Partitioning for query performance in Hadoop - Time & Space Complexity
When we use partitioning in Hadoop, we split data into parts to speed up queries.
We want to know how this splitting affects the time it takes to run queries.
Analyze the time complexity of the following code snippet.
-- Example of reading data with partition pruning
SELECT * FROM sales
WHERE year = 2023 AND region = 'US';
-- Data is stored in folders by year and region
-- Hadoop reads only matching partitions
This code reads only the partitions for year 2023 and region US, skipping others.
Identify the loops, recursion, array traversals that repeat.
- Primary operation: Scanning data files in selected partitions.
- How many times: Once per relevant partition, not all data.

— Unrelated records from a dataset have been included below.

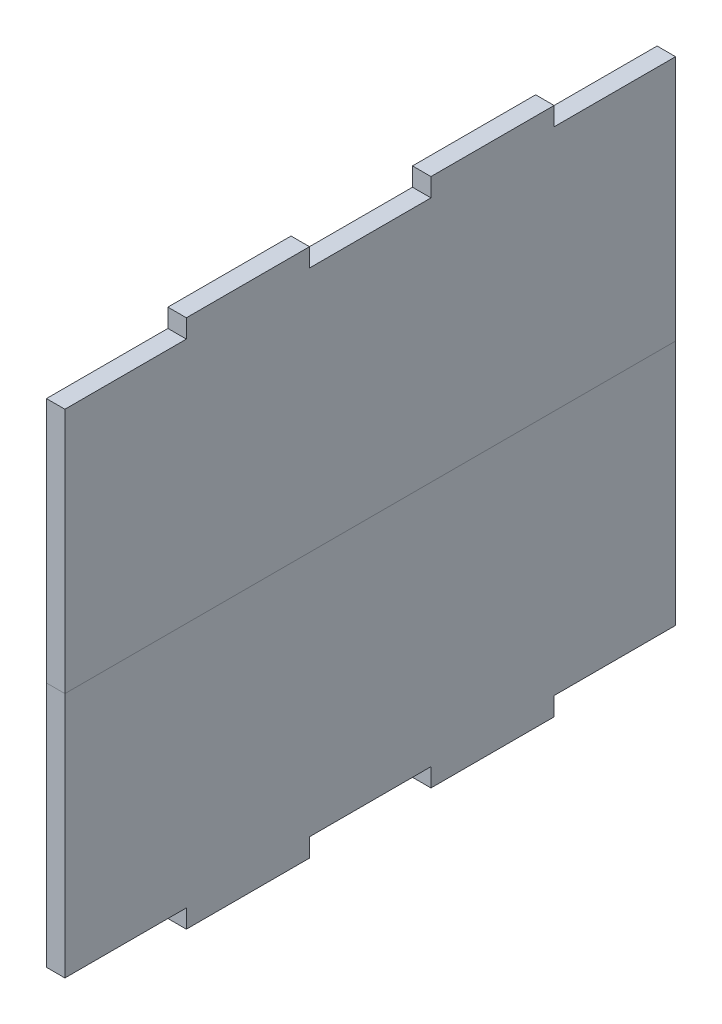
ISO-10303-21;
HEADER;
FILE_DESCRIPTION(('STEP AP214'),'2;1');
FILE_NAME('part.step','',(''),(''),'','','');
FILE_SCHEMA(('AUTOMOTIVE_DESIGN { 1 0 10303 214 1 1 1 1 }'));
ENDSEC;
DATA;
#1=APPLICATION_CONTEXT('core data for automotive mechanical design processes');
#2=APPLICATION_PROTOCOL_DEFINITION('international standard','automotive_design',2000,#1);
#3=PRODUCT_CONTEXT('',#1,'mechanical');
#4=PRODUCT('Part','Part','',(#3));
#5=PRODUCT_RELATED_PRODUCT_CATEGORY('part','',(#4));
#6=PRODUCT_DEFINITION_FORMATION('','',#4);
#7=PRODUCT_DEFINITION_CONTEXT('part definition',#1,'design');
#8=PRODUCT_DEFINITION('design','',#6,#7);
#9=PRODUCT_DEFINITION_SHAPE('','',#8);
#10=(LENGTH_UNIT() NAMED_UNIT(*) SI_UNIT(.MILLI.,.METRE.));
#11=(NAMED_UNIT(*) PLANE_ANGLE_UNIT() SI_UNIT($,.RADIAN.));
#12=(NAMED_UNIT(*) SI_UNIT($,.STERADIAN.) SOLID_ANGLE_UNIT());
#13=UNCERTAINTY_MEASURE_WITH_UNIT(LENGTH_MEASURE(1.E-05),#10,'distance_accuracy_value','');
#14=(GEOMETRIC_REPRESENTATION_CONTEXT(3) GLOBAL_UNCERTAINTY_ASSIGNED_CONTEXT((#13)) GLOBAL_UNIT_ASSIGNED_CONTEXT((#10,
#11,#12)) REPRESENTATION_CONTEXT('',''));
#15=CARTESIAN_POINT('',(0.,0.,0.));
#16=DIRECTION('',(0.,0.,1.));
#17=DIRECTION('',(1.,0.,0.));
#18=AXIS2_PLACEMENT_3D('',#15,#16,#17);
#19=CARTESIAN_POINT('',(3.,0.,0.));
#20=DIRECTION('',(-1.,0.,0.));
#21=DIRECTION('',(0.,1.,0.));
#22=AXIS2_PLACEMENT_3D('',#19,#20,#21);
#23=PLANE('',#22);
#24=DIRECTION('',(0.,-1.,0.));
#25=VECTOR('',#24,1.);
#26=CARTESIAN_POINT('',(3.,0.,99.1766759838869));
#27=LINE('',#26,#25);
#28=CARTESIAN_POINT('',(3.,0.,99.1766759838869));
#29=VERTEX_POINT('',#28);
#30=CARTESIAN_POINT('',(3.,-40.,99.1766759838869));
#31=VERTEX_POINT('',#30);
#32=EDGE_CURVE('E275',#29,#31,#27,.T.);
#33=ORIENTED_EDGE('',*,*,#32,.T.);
#34=DIRECTION('',(0.,0.,-1.));
#35=VECTOR('',#34,1.);
#36=CARTESIAN_POINT('',(3.,-40.,99.1766759838869));
#37=LINE('',#36,#35);
#38=CARTESIAN_POINT('',(3.,-40.,79.4511173225913));
#39=VERTEX_POINT('',#38);
#40=EDGE_CURVE('E285',#31,#39,#37,.T.);
#41=ORIENTED_EDGE('',*,*,#40,.T.);
#42=DIRECTION('',(0.,-1.,0.));
#43=VECTOR('',#42,1.);
#44=CARTESIAN_POINT('',(3.,-40.,79.4511173225913));
#45=LINE('',#44,#43);
#46=CARTESIAN_POINT('',(3.,-43.,79.4511173225913));
#47=VERTEX_POINT('',#46);
#48=EDGE_CURVE('E295',#39,#47,#45,.T.);
#49=ORIENTED_EDGE('',*,*,#48,.T.);
#50=DIRECTION('',(0.,0.,-1.));
#51=VECTOR('',#50,1.);
#52=CARTESIAN_POINT('',(3.,-43.,79.4511173225913));
#53=LINE('',#52,#51);
#54=CARTESIAN_POINT('',(3.,-43.,59.4511173225913));
#55=VERTEX_POINT('',#54);
#56=EDGE_CURVE('E305',#47,#55,#53,.T.);
#57=ORIENTED_EDGE('',*,*,#56,.T.);
#58=DIRECTION('',(0.,1.,0.));
#59=VECTOR('',#58,1.);
#60=CARTESIAN_POINT('',(3.,-43.,59.4511173225913));
#61=LINE('',#60,#59);
#62=CARTESIAN_POINT('',(3.,-40.,59.4511173225913));
#63=VERTEX_POINT('',#62);
#64=EDGE_CURVE('E315',#55,#63,#61,.T.);
#65=ORIENTED_EDGE('',*,*,#64,.T.);
#66=DIRECTION('',(0.,0.,-1.));
#67=VECTOR('',#66,1.);
#68=CARTESIAN_POINT('',(3.,-40.,59.4511173225913));
#69=LINE('',#68,#67);
#70=CARTESIAN_POINT('',(3.,-40.,39.7255586612956));
#71=VERTEX_POINT('',#70);
#72=EDGE_CURVE('E325',#63,#71,#69,.T.);
#73=ORIENTED_EDGE('',*,*,#72,.T.);
#74=DIRECTION('',(0.,-1.,0.));
#75=VECTOR('',#74,1.);
#76=CARTESIAN_POINT('',(3.,-40.,39.7255586612956));
#77=LINE('',#76,#75);
#78=CARTESIAN_POINT('',(3.,-43.,39.7255586612957));
#79=VERTEX_POINT('',#78);
#80=EDGE_CURVE('E335',#71,#79,#77,.T.);
#81=ORIENTED_EDGE('',*,*,#80,.T.);
#82=DIRECTION('',(0.,0.,-1.));
#83=VECTOR('',#82,1.);
#84=CARTESIAN_POINT('',(3.,-43.,39.7255586612957));
#85=LINE('',#84,#83);
#86=CARTESIAN_POINT('',(3.,-43.,19.7255586612956));
#87=VERTEX_POINT('',#86);
#88=EDGE_CURVE('E345',#79,#87,#85,.T.);
#89=ORIENTED_EDGE('',*,*,#88,.T.);
#90=DIRECTION('',(0.,1.,0.));
#91=VECTOR('',#90,1.);
#92=CARTESIAN_POINT('',(3.,-43.,19.7255586612956));
#93=LINE('',#92,#91);
#94=CARTESIAN_POINT('',(3.,-40.,19.7255586612956));
#95=VERTEX_POINT('',#94);
#96=EDGE_CURVE('E355',#87,#95,#93,.T.);
#97=ORIENTED_EDGE('',*,*,#96,.T.);
#98=DIRECTION('',(0.,0.,-1.));
#99=VECTOR('',#98,1.);
#100=CARTESIAN_POINT('',(3.,-40.,19.7255586612956));
#101=LINE('',#100,#99);
#102=CARTESIAN_POINT('',(3.,-40.,0.));
#103=VERTEX_POINT('',#102);
#104=EDGE_CURVE('E365',#95,#103,#101,.T.);
#105=ORIENTED_EDGE('',*,*,#104,.T.);
#106=DIRECTION('',(0.,1.,0.));
#107=VECTOR('',#106,1.);
#108=CARTESIAN_POINT('',(3.,-40.,0.));
#109=LINE('',#108,#107);
#110=CARTESIAN_POINT('',(3.,0.,0.));
#111=VERTEX_POINT('',#110);
#112=EDGE_CURVE('E375',#103,#111,#109,.T.);
#113=ORIENTED_EDGE('',*,*,#112,.T.);
#114=DIRECTION('',(0.,0.,1.));
#115=VECTOR('',#114,1.);
#116=CARTESIAN_POINT('',(3.,0.,0.));
#117=LINE('',#116,#115);
#118=EDGE_CURVE('E10',#111,#29,#117,.T.);
#119=ORIENTED_EDGE('',*,*,#118,.T.);
#120=EDGE_LOOP('',(#33,#41,#49,#57,#65,#73,#81,#89,#97,#105,#113,#119));
#121=FACE_BOUND('',#120,.T.);
#122=ADVANCED_FACE('F16',(#121),#23,.F.);
#123=CARTESIAN_POINT('',(0.,0.,0.));
#124=DIRECTION('',(-1.,0.,0.));
#125=DIRECTION('',(0.,1.,0.));
#126=AXIS2_PLACEMENT_3D('',#123,#124,#125);
#127=PLANE('',#126);
#128=DIRECTION('',(0.,-1.,0.));
#129=VECTOR('',#128,1.);
#130=CARTESIAN_POINT('',(0.,0.,99.1766759838869));
#131=LINE('',#130,#129);
#132=CARTESIAN_POINT('',(0.,0.,99.1766759838869));
#133=VERTEX_POINT('',#132);
#134=CARTESIAN_POINT('',(0.,-40.,99.1766759838869));
#135=VERTEX_POINT('',#134);
#136=EDGE_CURVE('E184',#133,#135,#131,.T.);
#137=ORIENTED_EDGE('',*,*,#136,.F.);
#138=DIRECTION('',(0.,0.,1.));
#139=VECTOR('',#138,1.);
#140=CARTESIAN_POINT('',(0.,0.,0.));
#141=LINE('',#140,#139);
#142=CARTESIAN_POINT('',(0.,0.,0.));
#143=VERTEX_POINT('',#142);
#144=EDGE_CURVE('E23',#143,#133,#141,.T.);
#145=ORIENTED_EDGE('',*,*,#144,.F.);
#146=DIRECTION('',(0.,1.,0.));
#147=VECTOR('',#146,1.);
#148=CARTESIAN_POINT('',(0.,-40.,0.));
#149=LINE('',#148,#147);
#150=CARTESIAN_POINT('',(0.,-40.,0.));
#151=VERTEX_POINT('',#150);
#152=EDGE_CURVE('E371',#151,#143,#149,.T.);
#153=ORIENTED_EDGE('',*,*,#152,.F.);
#154=DIRECTION('',(0.,0.,-1.));
#155=VECTOR('',#154,1.);
#156=CARTESIAN_POINT('',(0.,-40.,19.7255586612956));
#157=LINE('',#156,#155);
#158=CARTESIAN_POINT('',(0.,-40.,19.7255586612956));
#159=VERTEX_POINT('',#158);
#160=EDGE_CURVE('E361',#159,#151,#157,.T.);
#161=ORIENTED_EDGE('',*,*,#160,.F.);
#162=DIRECTION('',(0.,1.,0.));
#163=VECTOR('',#162,1.);
#164=CARTESIAN_POINT('',(0.,-43.,19.7255586612956));
#165=LINE('',#164,#163);
#166=CARTESIAN_POINT('',(0.,-43.,19.7255586612956));
#167=VERTEX_POINT('',#166);
#168=EDGE_CURVE('E351',#167,#159,#165,.T.);
#169=ORIENTED_EDGE('',*,*,#168,.F.);
#170=DIRECTION('',(0.,0.,-1.));
#171=VECTOR('',#170,1.);
#172=CARTESIAN_POINT('',(0.,-43.,39.7255586612957));
#173=LINE('',#172,#171);
#174=CARTESIAN_POINT('',(0.,-43.,39.7255586612957));
#175=VERTEX_POINT('',#174);
#176=EDGE_CURVE('E341',#175,#167,#173,.T.);
#177=ORIENTED_EDGE('',*,*,#176,.F.);
#178=DIRECTION('',(0.,-1.,0.));
#179=VECTOR('',#178,1.);
#180=CARTESIAN_POINT('',(0.,-40.,39.7255586612956));
#181=LINE('',#180,#179);
#182=CARTESIAN_POINT('',(0.,-40.,39.7255586612956));
#183=VERTEX_POINT('',#182);
#184=EDGE_CURVE('E331',#183,#175,#181,.T.);
#185=ORIENTED_EDGE('',*,*,#184,.F.);
#186=DIRECTION('',(0.,0.,-1.));
#187=VECTOR('',#186,1.);
#188=CARTESIAN_POINT('',(0.,-40.,59.4511173225913));
#189=LINE('',#188,#187);
#190=CARTESIAN_POINT('',(0.,-40.,59.4511173225913));
#191=VERTEX_POINT('',#190);
#192=EDGE_CURVE('E321',#191,#183,#189,.T.);
#193=ORIENTED_EDGE('',*,*,#192,.F.);
#194=DIRECTION('',(0.,1.,0.));
#195=VECTOR('',#194,1.);
#196=CARTESIAN_POINT('',(0.,-43.,59.4511173225913));
#197=LINE('',#196,#195);
#198=CARTESIAN_POINT('',(0.,-43.,59.4511173225913));
#199=VERTEX_POINT('',#198);
#200=EDGE_CURVE('E311',#199,#191,#197,.T.);
#201=ORIENTED_EDGE('',*,*,#200,.F.);
#202=DIRECTION('',(0.,0.,-1.));
#203=VECTOR('',#202,1.);
#204=CARTESIAN_POINT('',(0.,-43.,79.4511173225913));
#205=LINE('',#204,#203);
#206=CARTESIAN_POINT('',(0.,-43.,79.4511173225913));
#207=VERTEX_POINT('',#206);
#208=EDGE_CURVE('E301',#207,#199,#205,.T.);
#209=ORIENTED_EDGE('',*,*,#208,.F.);
#210=DIRECTION('',(0.,-1.,0.));
#211=VECTOR('',#210,1.);
#212=CARTESIAN_POINT('',(0.,-40.,79.4511173225913));
#213=LINE('',#212,#211);
#214=CARTESIAN_POINT('',(0.,-40.,79.4511173225913));
#215=VERTEX_POINT('',#214);
#216=EDGE_CURVE('E291',#215,#207,#213,.T.);
#217=ORIENTED_EDGE('',*,*,#216,.F.);
#218=DIRECTION('',(0.,0.,-1.));
#219=VECTOR('',#218,1.);
#220=CARTESIAN_POINT('',(0.,-40.,99.1766759838869));
#221=LINE('',#220,#219);
#222=EDGE_CURVE('E281',#135,#215,#221,.T.);
#223=ORIENTED_EDGE('',*,*,#222,.F.);
#224=EDGE_LOOP('',(#137,#145,#153,#161,#169,#177,#185,#193,#201,#209,#217,#223));
#225=FACE_BOUND('',#224,.T.);
#226=ADVANCED_FACE('F387',(#225),#127,.T.);
#227=CARTESIAN_POINT('',(3.,0.,0.));
#228=DIRECTION('',(0.,1.,0.));
#229=DIRECTION('',(0.,0.,-1.));
#230=AXIS2_PLACEMENT_3D('',#227,#228,#229);
#231=PLANE('',#230);
#232=ORIENTED_EDGE('',*,*,#144,.T.);
#233=DIRECTION('',(-1.,0.,0.));
#234=VECTOR('',#233,1.);
#235=CARTESIAN_POINT('',(3.,0.,99.1766759838869));
#236=LINE('',#235,#234);
#237=EDGE_CURVE('E272',#29,#133,#236,.T.);
#238=ORIENTED_EDGE('',*,*,#237,.F.);
#239=ORIENTED_EDGE('',*,*,#118,.F.);
#240=DIRECTION('',(-1.,0.,0.));
#241=VECTOR('',#240,1.);
#242=CARTESIAN_POINT('',(3.,0.,0.));
#243=LINE('',#242,#241);
#244=EDGE_CURVE('E377',#111,#143,#243,.T.);
#245=ORIENTED_EDGE('',*,*,#244,.T.);
#246=EDGE_LOOP('',(#232,#238,#239,#245));
#247=FACE_BOUND('',#246,.T.);
#248=ADVANCED_FACE('F381',(#247),#231,.T.);
#249=CARTESIAN_POINT('',(3.,-40.,0.));
#250=DIRECTION('',(0.,0.,-1.));
#251=DIRECTION('',(-1.,0.,0.));
#252=AXIS2_PLACEMENT_3D('',#249,#250,#251);
#253=PLANE('',#252);
#254=ORIENTED_EDGE('',*,*,#152,.T.);
#255=ORIENTED_EDGE('',*,*,#244,.F.);
#256=ORIENTED_EDGE('',*,*,#112,.F.);
#257=DIRECTION('',(-1.,0.,0.));
#258=VECTOR('',#257,1.);
#259=CARTESIAN_POINT('',(3.,-40.,0.));
#260=LINE('',#259,#258);
#261=EDGE_CURVE('E368',#103,#151,#260,.T.);
#262=ORIENTED_EDGE('',*,*,#261,.T.);
#263=EDGE_LOOP('',(#254,#255,#256,#262));
#264=FACE_BOUND('',#263,.T.);
#265=ADVANCED_FACE('F394',(#264),#253,.T.);
#266=CARTESIAN_POINT('',(3.,-40.,19.7255586612956));
#267=DIRECTION('',(0.,-1.,0.));
#268=DIRECTION('',(0.,0.,1.));
#269=AXIS2_PLACEMENT_3D('',#266,#267,#268);
#270=PLANE('',#269);
#271=ORIENTED_EDGE('',*,*,#160,.T.);
#272=ORIENTED_EDGE('',*,*,#261,.F.);
#273=ORIENTED_EDGE('',*,*,#104,.F.);
#274=DIRECTION('',(-1.,0.,0.));
#275=VECTOR('',#274,1.);
#276=CARTESIAN_POINT('',(3.,-40.,19.7255586612956));
#277=LINE('',#276,#275);
#278=EDGE_CURVE('E358',#95,#159,#277,.T.);
#279=ORIENTED_EDGE('',*,*,#278,.T.);
#280=EDGE_LOOP('',(#271,#272,#273,#279));
#281=FACE_BOUND('',#280,.T.);
#282=ADVANCED_FACE('F397',(#281),#270,.T.);
#283=CARTESIAN_POINT('',(3.,-43.,19.7255586612956));
#284=DIRECTION('',(0.,0.,-1.));
#285=DIRECTION('',(-1.,0.,0.));
#286=AXIS2_PLACEMENT_3D('',#283,#284,#285);
#287=PLANE('',#286);
#288=ORIENTED_EDGE('',*,*,#168,.T.);
#289=ORIENTED_EDGE('',*,*,#278,.F.);
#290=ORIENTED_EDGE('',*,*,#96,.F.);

When data grows, partitioning lets queries skip irrelevant parts.
| Input Size (n) | Approx. Operations |
|---|---|
| 10 partitions | Scan 1-2 partitions |
| 100 partitions | Scan 1-2 partitions |
| 1000 partitions | Scan 1-2 partitions |
Pattern observation: The work stays about the same because only needed partitions are scanned.
Time Complexity: O(k)
This means the query time grows with the number of partitions scanned, not total data size.
[X] Wrong: "Partitioning always makes queries run in constant time regardless of data."
[OK] Correct: If the query filters are not on partition keys, all partitions may be scanned, so time grows with data.
Understanding partitioning time helps you explain how big data queries stay fast by reading less data.
"What if we changed the query to filter on a non-partitioned column? How would the time complexity change?"